A recent settlement entered into by the Delaware attorney general highlights an often-overlooked problem. The problem–deselected plan providers looking to pull assets out of employer-sponsored retirement plans on the way out the door.
The Delaware Settlement
The settlement involved Horace Mann, a recordkeeper and broker focused on offering plans to educators. In 2016, the State of Delaware transitioned its deferred compensation plans from multiple 403(b) service providers, including Horace Mann, to a sole provider, Voya Financial. Related to this transition, over 120 teachers with 403(b) accounts with Horace Mann opened IRAs in 2016 and 2017 with Horace Mann, through one of its registered representatives, Dieter Hofmann.
Upon review of the circumstances relating to the opening of these IRAs, the Delaware Investor Protection Unit concluded that this representative “engaged in dishonest and unethical practices” based on allegations that the representative “took unfair advantage of his customers with 403(b) accounts who were confused about the transition to Voya by providing them with inadequate or inaccurate information which was misleading”.
Horace Mann and the individual broker settled the Delaware claim by each paying a $250,000 fine and undertaking a variety of additional corrective actions.
On its face, you might say this is just an isolated incident based on the actions of one “rogue” employee. However, our experiences tell us that this case reflects a broader issue. Recordkeeper representatives will act in accordance to the compensation and incentive structures they are provided. Plan sponsors and fiduciaries should recognize these incentives can very well lead to participant solicitations at the termination of the recordkeeper relationship.
Should I Stay or Should I Go?
The pressure on plan provider fees is well documented. See our blog post on Actions and Reactions. And, we can expect that this pressure will continue–after all, fiduciary lawsuits and plan advisors regularly remind plan sponsors that the failure to obtain regular recordkeeper bids can be considered a failure of their fiduciary responsibility. See https://cammackretirement.com/knowledge-center/insights/fiduciary-breach-lawsuit-issues-explored-topic-5-no-regular-recordkeeper-rfp.
Moreover, when plans rebid recordkeepers, they may also require that the recordkeeper unbundle certain higher margin services (such as fixed income products or managed accounts) from the recordkeeping bid.
This activity, taken as a whole, can make retaining some clients far less lucrative.
The downward fee pressure in the employer market plays into another important market dynamic: plan providers (other than pure recordkeepers) have higher–much higher–margins for retail products than they do for institutional products. When you factor in the difference between retail vs institutional share classes, insurance products with complex features (and correspondingly complex fees) and the access to sell unrelated financial products, retail customers can be four or five times more profitable than participants in well managed employer-sponsored plans.

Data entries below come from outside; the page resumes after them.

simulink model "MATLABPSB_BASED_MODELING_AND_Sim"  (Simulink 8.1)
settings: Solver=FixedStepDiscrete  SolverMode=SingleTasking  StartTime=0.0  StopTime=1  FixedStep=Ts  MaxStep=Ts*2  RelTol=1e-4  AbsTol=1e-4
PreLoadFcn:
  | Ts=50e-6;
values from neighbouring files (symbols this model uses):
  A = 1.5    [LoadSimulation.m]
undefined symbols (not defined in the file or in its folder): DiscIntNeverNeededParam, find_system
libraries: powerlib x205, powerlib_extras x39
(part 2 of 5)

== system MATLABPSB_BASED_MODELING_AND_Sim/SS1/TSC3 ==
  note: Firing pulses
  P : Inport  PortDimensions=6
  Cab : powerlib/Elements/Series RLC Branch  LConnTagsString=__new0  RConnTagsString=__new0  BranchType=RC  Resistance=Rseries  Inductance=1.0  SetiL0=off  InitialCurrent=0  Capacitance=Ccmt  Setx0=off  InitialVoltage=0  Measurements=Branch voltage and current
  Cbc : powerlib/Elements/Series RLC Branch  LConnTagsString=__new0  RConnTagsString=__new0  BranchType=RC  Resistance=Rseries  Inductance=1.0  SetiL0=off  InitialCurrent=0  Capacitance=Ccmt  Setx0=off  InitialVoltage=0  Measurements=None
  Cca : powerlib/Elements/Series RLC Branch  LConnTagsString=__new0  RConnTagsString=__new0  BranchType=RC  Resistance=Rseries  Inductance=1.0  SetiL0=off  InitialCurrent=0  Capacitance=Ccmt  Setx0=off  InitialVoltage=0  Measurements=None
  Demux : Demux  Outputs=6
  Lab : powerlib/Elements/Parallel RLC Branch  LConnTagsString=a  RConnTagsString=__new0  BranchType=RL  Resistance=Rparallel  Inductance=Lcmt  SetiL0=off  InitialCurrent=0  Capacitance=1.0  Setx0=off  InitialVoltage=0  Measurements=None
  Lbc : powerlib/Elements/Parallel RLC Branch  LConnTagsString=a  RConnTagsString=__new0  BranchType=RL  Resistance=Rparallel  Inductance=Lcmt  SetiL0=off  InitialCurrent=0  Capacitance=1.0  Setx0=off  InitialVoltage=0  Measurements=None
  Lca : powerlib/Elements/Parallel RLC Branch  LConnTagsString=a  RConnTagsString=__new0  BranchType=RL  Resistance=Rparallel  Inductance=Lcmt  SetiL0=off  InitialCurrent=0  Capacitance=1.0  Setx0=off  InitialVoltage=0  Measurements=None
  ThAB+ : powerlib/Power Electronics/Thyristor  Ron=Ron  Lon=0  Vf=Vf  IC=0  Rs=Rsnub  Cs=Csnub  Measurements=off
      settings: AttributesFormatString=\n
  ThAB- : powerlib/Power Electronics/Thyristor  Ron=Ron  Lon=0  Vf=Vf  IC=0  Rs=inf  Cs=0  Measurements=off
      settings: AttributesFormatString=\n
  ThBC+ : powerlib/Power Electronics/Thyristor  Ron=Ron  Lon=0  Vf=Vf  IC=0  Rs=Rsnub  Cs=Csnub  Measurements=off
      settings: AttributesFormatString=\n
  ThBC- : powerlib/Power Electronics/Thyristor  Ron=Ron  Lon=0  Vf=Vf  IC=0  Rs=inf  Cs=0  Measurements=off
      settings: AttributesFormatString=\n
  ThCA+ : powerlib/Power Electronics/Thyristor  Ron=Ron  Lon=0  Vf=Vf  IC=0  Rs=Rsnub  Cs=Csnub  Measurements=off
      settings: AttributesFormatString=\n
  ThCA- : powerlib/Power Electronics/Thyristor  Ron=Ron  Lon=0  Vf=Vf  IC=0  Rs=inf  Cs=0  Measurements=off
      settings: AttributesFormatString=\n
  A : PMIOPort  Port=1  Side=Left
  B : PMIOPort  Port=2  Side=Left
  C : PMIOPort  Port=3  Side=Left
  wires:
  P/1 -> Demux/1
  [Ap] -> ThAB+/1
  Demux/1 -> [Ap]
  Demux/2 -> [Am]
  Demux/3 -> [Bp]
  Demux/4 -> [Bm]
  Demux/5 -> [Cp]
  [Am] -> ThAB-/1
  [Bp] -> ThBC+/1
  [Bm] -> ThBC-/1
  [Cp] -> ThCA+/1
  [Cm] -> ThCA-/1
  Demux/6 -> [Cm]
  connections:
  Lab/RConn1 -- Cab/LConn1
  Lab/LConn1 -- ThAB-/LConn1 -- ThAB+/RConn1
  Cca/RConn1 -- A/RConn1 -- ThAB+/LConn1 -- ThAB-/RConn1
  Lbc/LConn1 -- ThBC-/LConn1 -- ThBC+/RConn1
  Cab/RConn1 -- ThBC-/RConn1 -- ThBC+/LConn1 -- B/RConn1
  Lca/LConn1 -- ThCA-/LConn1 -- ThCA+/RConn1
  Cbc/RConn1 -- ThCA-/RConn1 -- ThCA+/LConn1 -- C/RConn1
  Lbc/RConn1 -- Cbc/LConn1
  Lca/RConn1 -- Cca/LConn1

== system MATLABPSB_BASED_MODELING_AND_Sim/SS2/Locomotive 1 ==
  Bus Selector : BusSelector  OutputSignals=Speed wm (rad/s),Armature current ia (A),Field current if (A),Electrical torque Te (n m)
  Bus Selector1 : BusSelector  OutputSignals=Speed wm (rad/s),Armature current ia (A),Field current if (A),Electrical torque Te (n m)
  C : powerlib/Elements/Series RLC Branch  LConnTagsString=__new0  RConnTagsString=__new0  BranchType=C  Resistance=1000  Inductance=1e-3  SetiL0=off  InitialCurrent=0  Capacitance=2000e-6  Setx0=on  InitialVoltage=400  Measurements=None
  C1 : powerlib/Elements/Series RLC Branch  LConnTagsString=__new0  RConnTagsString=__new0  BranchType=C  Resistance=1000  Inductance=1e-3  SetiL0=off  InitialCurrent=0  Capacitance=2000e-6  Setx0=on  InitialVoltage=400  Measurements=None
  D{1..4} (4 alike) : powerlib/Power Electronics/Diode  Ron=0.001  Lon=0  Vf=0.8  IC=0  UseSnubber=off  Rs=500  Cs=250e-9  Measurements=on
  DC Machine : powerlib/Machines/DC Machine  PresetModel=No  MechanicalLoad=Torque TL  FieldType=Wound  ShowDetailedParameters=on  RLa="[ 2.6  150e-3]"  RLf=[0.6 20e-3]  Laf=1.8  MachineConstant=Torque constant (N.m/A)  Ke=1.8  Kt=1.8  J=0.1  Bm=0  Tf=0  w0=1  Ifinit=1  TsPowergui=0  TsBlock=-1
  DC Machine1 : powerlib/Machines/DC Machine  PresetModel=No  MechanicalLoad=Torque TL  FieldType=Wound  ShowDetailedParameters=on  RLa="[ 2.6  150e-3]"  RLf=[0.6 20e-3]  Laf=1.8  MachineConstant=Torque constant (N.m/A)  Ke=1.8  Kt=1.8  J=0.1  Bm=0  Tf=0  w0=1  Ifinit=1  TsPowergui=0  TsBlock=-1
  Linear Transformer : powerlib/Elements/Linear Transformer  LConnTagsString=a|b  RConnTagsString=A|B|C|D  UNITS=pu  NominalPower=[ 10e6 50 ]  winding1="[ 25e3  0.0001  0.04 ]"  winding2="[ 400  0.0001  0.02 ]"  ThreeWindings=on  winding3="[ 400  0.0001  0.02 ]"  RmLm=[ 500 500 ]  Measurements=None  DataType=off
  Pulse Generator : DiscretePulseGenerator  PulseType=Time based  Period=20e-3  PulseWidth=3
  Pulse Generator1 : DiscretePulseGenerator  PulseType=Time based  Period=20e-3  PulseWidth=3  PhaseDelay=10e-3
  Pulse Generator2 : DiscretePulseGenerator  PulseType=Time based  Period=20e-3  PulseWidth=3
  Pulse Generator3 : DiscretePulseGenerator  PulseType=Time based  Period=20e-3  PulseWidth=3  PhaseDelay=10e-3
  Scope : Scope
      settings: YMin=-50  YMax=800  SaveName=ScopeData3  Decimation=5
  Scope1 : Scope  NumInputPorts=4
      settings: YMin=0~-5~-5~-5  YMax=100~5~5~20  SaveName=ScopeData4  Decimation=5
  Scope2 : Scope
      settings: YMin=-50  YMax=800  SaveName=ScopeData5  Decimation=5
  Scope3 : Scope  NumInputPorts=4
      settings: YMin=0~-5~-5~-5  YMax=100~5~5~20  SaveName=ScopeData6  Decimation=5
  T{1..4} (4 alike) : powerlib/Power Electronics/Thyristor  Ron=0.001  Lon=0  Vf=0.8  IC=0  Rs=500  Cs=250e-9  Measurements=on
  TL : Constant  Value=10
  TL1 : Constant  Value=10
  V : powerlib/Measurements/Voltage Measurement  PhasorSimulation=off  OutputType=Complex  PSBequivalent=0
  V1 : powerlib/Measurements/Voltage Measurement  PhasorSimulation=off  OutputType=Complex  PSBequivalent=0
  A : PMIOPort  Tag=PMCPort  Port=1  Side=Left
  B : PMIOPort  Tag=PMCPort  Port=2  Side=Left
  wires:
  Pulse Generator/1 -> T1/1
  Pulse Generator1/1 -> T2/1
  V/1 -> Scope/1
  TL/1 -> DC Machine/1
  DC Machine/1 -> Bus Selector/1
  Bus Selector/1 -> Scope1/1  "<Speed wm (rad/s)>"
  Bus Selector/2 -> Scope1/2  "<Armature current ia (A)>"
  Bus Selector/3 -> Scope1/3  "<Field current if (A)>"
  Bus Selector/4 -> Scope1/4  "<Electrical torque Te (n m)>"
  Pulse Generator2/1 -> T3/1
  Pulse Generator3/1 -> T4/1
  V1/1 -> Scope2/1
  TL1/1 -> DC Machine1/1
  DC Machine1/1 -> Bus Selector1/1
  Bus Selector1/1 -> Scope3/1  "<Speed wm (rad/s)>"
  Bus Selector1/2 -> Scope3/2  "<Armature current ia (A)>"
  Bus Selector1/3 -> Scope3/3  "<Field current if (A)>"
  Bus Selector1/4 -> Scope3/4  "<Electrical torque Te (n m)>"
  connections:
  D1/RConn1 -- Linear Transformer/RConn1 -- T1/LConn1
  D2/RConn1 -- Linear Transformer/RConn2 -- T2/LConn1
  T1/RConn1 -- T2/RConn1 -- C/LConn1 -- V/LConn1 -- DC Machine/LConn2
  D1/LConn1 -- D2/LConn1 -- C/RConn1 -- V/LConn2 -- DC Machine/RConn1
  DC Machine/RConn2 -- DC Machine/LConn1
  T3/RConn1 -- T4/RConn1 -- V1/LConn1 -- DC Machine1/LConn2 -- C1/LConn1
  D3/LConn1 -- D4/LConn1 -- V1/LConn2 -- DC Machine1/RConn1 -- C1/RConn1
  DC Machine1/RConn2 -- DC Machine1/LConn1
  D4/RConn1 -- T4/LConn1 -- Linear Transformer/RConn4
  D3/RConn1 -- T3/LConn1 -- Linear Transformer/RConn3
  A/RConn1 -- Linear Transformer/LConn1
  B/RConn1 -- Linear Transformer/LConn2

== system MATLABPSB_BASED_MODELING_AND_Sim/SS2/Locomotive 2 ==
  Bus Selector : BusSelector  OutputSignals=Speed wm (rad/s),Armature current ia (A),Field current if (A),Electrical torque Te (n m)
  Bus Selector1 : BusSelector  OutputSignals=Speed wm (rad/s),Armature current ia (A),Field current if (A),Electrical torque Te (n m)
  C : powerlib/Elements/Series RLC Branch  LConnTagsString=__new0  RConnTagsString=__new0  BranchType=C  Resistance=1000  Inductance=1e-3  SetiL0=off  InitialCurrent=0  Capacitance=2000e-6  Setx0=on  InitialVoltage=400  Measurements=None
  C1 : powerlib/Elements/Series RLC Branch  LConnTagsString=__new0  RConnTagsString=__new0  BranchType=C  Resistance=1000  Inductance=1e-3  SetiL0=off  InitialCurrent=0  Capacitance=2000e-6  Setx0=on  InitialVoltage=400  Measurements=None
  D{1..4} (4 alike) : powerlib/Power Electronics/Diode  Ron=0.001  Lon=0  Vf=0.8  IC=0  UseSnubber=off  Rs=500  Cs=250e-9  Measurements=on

As a result, in some instances an incumbent plan provider can make more by losing a highly competitive bid for an employer-sponsored plan — and then actively “harvesting” accounts and assets from that plan. And the same logic applies to individual commission-based sales representatives.
This underlying dynamic–of seeking to win (profitability) while losing the employer-sponsored plan is exactly the dynamic that drives so many of the provider practices that require fiduciary scrutiny–practices that seek to leverage the institutional business (both assets and data) to sell retail products.
We are not privy to the financial analysis of Horace Mann’s bid or to the commission structure that motivated Mr. Hofmann–so we do not know the exact calculations that led Mr. Hofmann to open over 120 new accounts while on his way out the door. But we have seen this very analysis for other recordkeepers in other similar situations and have seen how the asymmetry between profitability in the retail and group market segments can lead providers to win while losing.
This market dynamic is important for all plan fiduciaries and should be factored into the vendor selection and contracting process. For example, consider:
- Does a vendor or candidate offer retail products that could “compete” with the employer-sponsored plan?
- How are the vendor’s “plan” representatives really compensated? In the bidding process vendors will use the “salary” label for all sorts of variable (commission-like) compensation.
- Does the plan fiduciary monitor nontaxable distributions to see whether a disproportionate share of these distributions go to the plan provider?
- Are there robust prohibitions against soliciting plan participants for non-plan products and against using plan data to market to plan participants?
This is one instance where plan fiduciaries do not simply want to “follow the money” if the money is being drained from the employer-sponsored plan. Rather, fiduciaries should focus on keeping the money.